- Askim, Østfold Norway

Information
- Type: Public
- Motto: Et kraftsenter for kunnskap & læringsglede
- Principal: Vigdis Gjerberg
- Enrollment: ~1200
- Campus: Suburban
- Branches of study: Multiple, see website for further information
- Website: Askim VGS

= Askim Upper Secondary School =

Askim Upper Secondary School (Askim Videregående Skole) is an Upper Secondary School situated in the outskirts of the municipality of Askim.
It was originally two different schools; Hov Upper Secondary School (general studies) and Ask Upper secondary School (vocational training), but they merged to Askim Upper Secondary School for practical reasons. It is a public school, both run and owned by the county of Viken.

The school is most known nationally, and to a small extent internationally, for its many successful 'youth enterprises'. The youth enterprise is a part of one of the schools many branches of study. The second grade students of this branch create their own small-time company and try to survive in the market selling a service or a product they have created.

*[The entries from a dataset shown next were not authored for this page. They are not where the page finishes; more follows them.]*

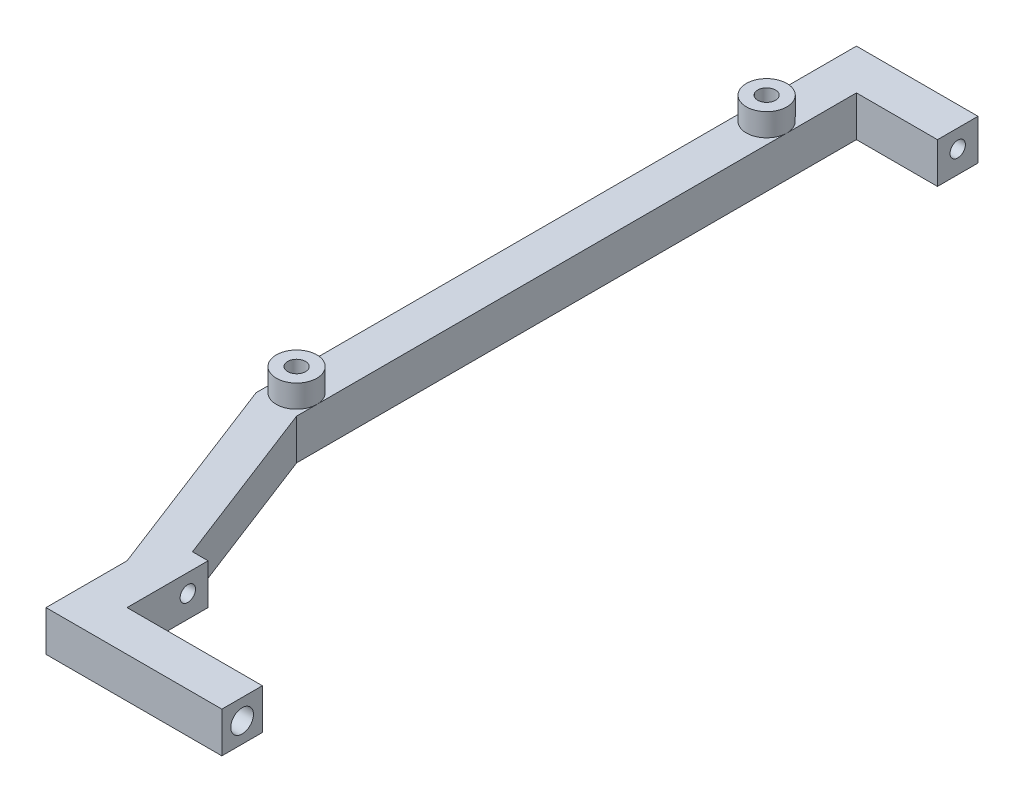
SolidWorks part; units mm, degrees
ref_plane "Front Plane" through (0, 0, 0) normal (0, 0, 1) x (1, 0, 0)
ref_plane "Top Plane" through (0, 0, 0) normal (0, 1, 0) x (1, 0, 0)
ref_plane "Right Plane" through (0, 0, 0) normal (1, 0, 0) x (0, 0, -1)
sketch "Sketch1" plane through (0, 0, 0) normal (0, 0, 1) x (1, 0, 0)
  line L1 (-2.5, 2.5) -> (2.5, 2.5)
  line L2 (-2.5, 2.5) -> (-2.5, -2.5)
  line L3 (-2.5, -2.5) -> (2.5, -2.5)
  line L4 (2.5, 2.5) -> (2.5, -2.5)
  line L5 (-2.5, 2.5) -> (2.5, -2.5) construction
  line L6 (-2.5, -2.5) -> (2.5, 2.5) construction
  point P0 (0, 0)
  dimension "D1" = 5
  dimension "D2" = 5
extrude "Boss-Extrude1" add sketch "Sketch1" along normal blind 74.08
sketch "Sketch2" plane through (0, 0, 0) normal (0, 0, -1) x (-1, 0, 0)
  circle A0 centre (0, 0) radius 1.4
  dimension "D1" = 2.8
extrude "Cut-Extrude1" cut sketch "Sketch2" against normal blind 10
sketch "Sketch3" plane through (2.5, 0, 0) normal (1, 0, 0) x (0, 0, -1)
  line L0 (-74.08, 2.5) -> (0, 2.5) construction
  line L1 (0, 2.5) -> (-5, 2.5)
  line L2 (0, 2.5) -> (0, -2.5)
  line L3 (0, -2.5) -> (-5, -2.5)
  line L4 (-5, 2.5) -> (-5, -2.5)
  line L5 (-74.08, -2.5) -> (0, -2.5) construction
  line L6 (0, -2.5) -> (0, 2.5) construction
  dimension "D1" = 5
  dimension "D2" = 0
extrude "Boss-Extrude2" add sketch "Sketch3" along normal blind 10
sketch "Sketch4" plane through (12.5, 0, 0) normal (1, 0, 0) x (0, 0, -1)
  line L0 (0, 2.5) -> (-5, -2) construction
  line L1 (-5, 2.5) -> (-5, -2.5) construction
  line L2 (-5, -2.5) -> (0, -2.5) construction
  circle A0 centre (-2.5, 0.25) radius 0.95
  dimension "D1" = 1.9
  dimension "D2" = 0.5
extrude "Cut-Extrude2" cut sketch "Sketch4" against normal blind 5
sketch "Sketch5" plane through (0, 2.5, 0) normal (0, 1, 0) x (1, 0, 0)
  line L0 (0, -74.08) -> (0, 0) construction
  line L1 (-2.5, -69.08) -> (2.5, -74.08) construction
  line L2 (2.5, -74.08) -> (2.5, -5) construction
  line L3 (12.5, 0) -> (-2.5, 0) construction
  circle A0 centre (0, -13.58) radius 2.5
  circle A1 centre (0, -71.58) radius 2.5
  circle A2 centre (0, -13.58) radius 1.1
  circle A3 centre (0, -71.58) radius 1.1
  dimension "D1" = 2.2
  dimension "D2" = 13.58
extrude "Boss-Extrude3" add sketch "Sketch5" along normal blind 2.8
sketch "Sketch6" plane through (12.5, 0, 0) normal (1, 0, 0) x (0, 0, -1)
  line L6 (-95, -2.5) -> (-95, 2.5)
  line L7 (-95, 2.5) -> (-100, 2.5)
  line L8 (-100, 2.5) -> (-100, -2.5)
  line L9 (-100, -2.5) -> (-95, -2.5)
  line L10 (0, -2.5) -> (0, 2.5)
  line L11 (0, 2.5) -> (-5, 2.5)
  line L12 (-5, 2.5) -> (-5, -2.5)
  line L13 (-5, -2.5) -> (0, -2.5)
  line L14 (0, -2.5) -> (0, 2.5) construction
  line L15 (0, 2.5) -> (-5, 2.5) construction
  line L16 (-5, 2.5) -> (-5, -2.5) construction
  line L17 (-5, -2.5) -> (0, -2.5) construction
  circle A0 centre (-2.5, 0.25) radius 0.95 construction
  circle A1 centre (-2.5, 0.25) radius 0.95 construction
  circle A2 centre (-97.5, 0.25) radius 0.95
  dimension "D1" = 0
  dimension "D2" = 2
extrude "Boss-Extrude4" add sketch "Sketch6" against normal blind 5 separate body
sketch "Sketch7" plane through (0, 2.5, 0) normal (0, 1, 0) x (1, 0, 0)
  line L0 (7.5, -100) -> (-2.5, -74.08)
  line L1 (-2.5, -74.08) -> (2.5, -74.08)
  line L2 (2.5, -74.08) -> (10.571, -95)
  line L5 (10.571, -95) -> (7.5, -95)
  line L6 (7.5, -95) -> (7.5, -100)
  line L7 (7.5, -95) -> (12.5, -95) construction
  line L8 (10.571, -95) -> (12.5, -100) construction
extrude "Boss-Extrude5" add sketch "Sketch7" against normal up to surface (5 mm away) from surface at 0 up to face at (10, -2.5, 97.5) starting at face at (0, 2.5, 42.58)
sketch "Sketch8" plane through (0, 0, 0) normal (0, 1, 0) x (1, 0, 0)
  line L0 (7.5, -100) -> (7.5, -110)
  line L1 (7.5, -110) -> (29.2, -110)
  line L2 (29.2, -110) -> (29.2, -105)
  line L3 (29.2, -105) -> (12.5, -105)
  line L4 (12.5, -105) -> (12.5, -100)
  line L5 (7.5, -100) -> (12.5, -100) construction
  line L6 (12.5, -95) -> (12.5, -100) construction
  line L7 (7.5, -100) -> (12.5, -100)
  dimension "D1" = 5
  dimension "D2" = 5
  dimension "D3" = 16.7
extrude "Boss-Extrude6" add sketch "Sketch8" against normal up to surface (5 mm away) from surface at 2.5 up to face at (6.8071, -2.5, 54.816) starting at face at (0, 2.5, 42.58)
sketch "Sketch9" plane through (29.2, 0, 0) normal (1, 0, 0) x (0, 0, -1)
  line L0 (-110, 2.5) -> (-105, -2.5) construction
  line L1 (-105, -2.5) -> (-105, 2.5) construction
  line L2 (-105, -2.5) -> (-110, -2.5) construction
  circle A0 centre (-107.5, 0) radius 1.4
  dimension "D2" = 2.8
  dimension "D1" = 0
extrude "Cut-Extrude3" cut sketch "Sketch9" against normal blind 10

The school is also an 'Environmental Lighthouse', meaning it makes an effort in sorting garbage, reducing the amount of waste resources and reducing the schools energy consumption.

==Location and structures==

The school is situated near a small forest, Hovskogen, and the city centre lies within easy walking distance. A mostly suburban landscape dominates the surrounding area, although both rural and urban landscapes are in the vicinity.

The school has seven primary structures named by letters of the alphabet, A, B, C etc.
The different structures house different branches of study.
- The A-building is home to the 'Health and social' students
- The B-building is home to the 'Mechanics and industrial' students
- The C-building is home to the second grade Electricians and Carpenters.
- The D-building is home to both first grade Electricians, Carpenters, Mechanics and more. An outdated computerpark is also present in this building.
- The E-building is home to the Theoretical students. The teacher offices lie in the basement.
- The F-building is the Gym.
- The G-building is home to the administration. It's considered the main building. This is where the cafeteria is. Lessons in Physics, Chemistry and Biology are held here.
- The H-building is home to the school nurse and advisors.

==Administration and employees==

The school has some 160 employees, including everything from teachers and librarians, to cleaners and janitors.

==Library==

The school houses a library with multiple encyclopedias and books. Fresh newspapers and magazines, both local and international, are also made available to the students.

The school library has twelve thin clients as well as ten laptops the students can use at any time.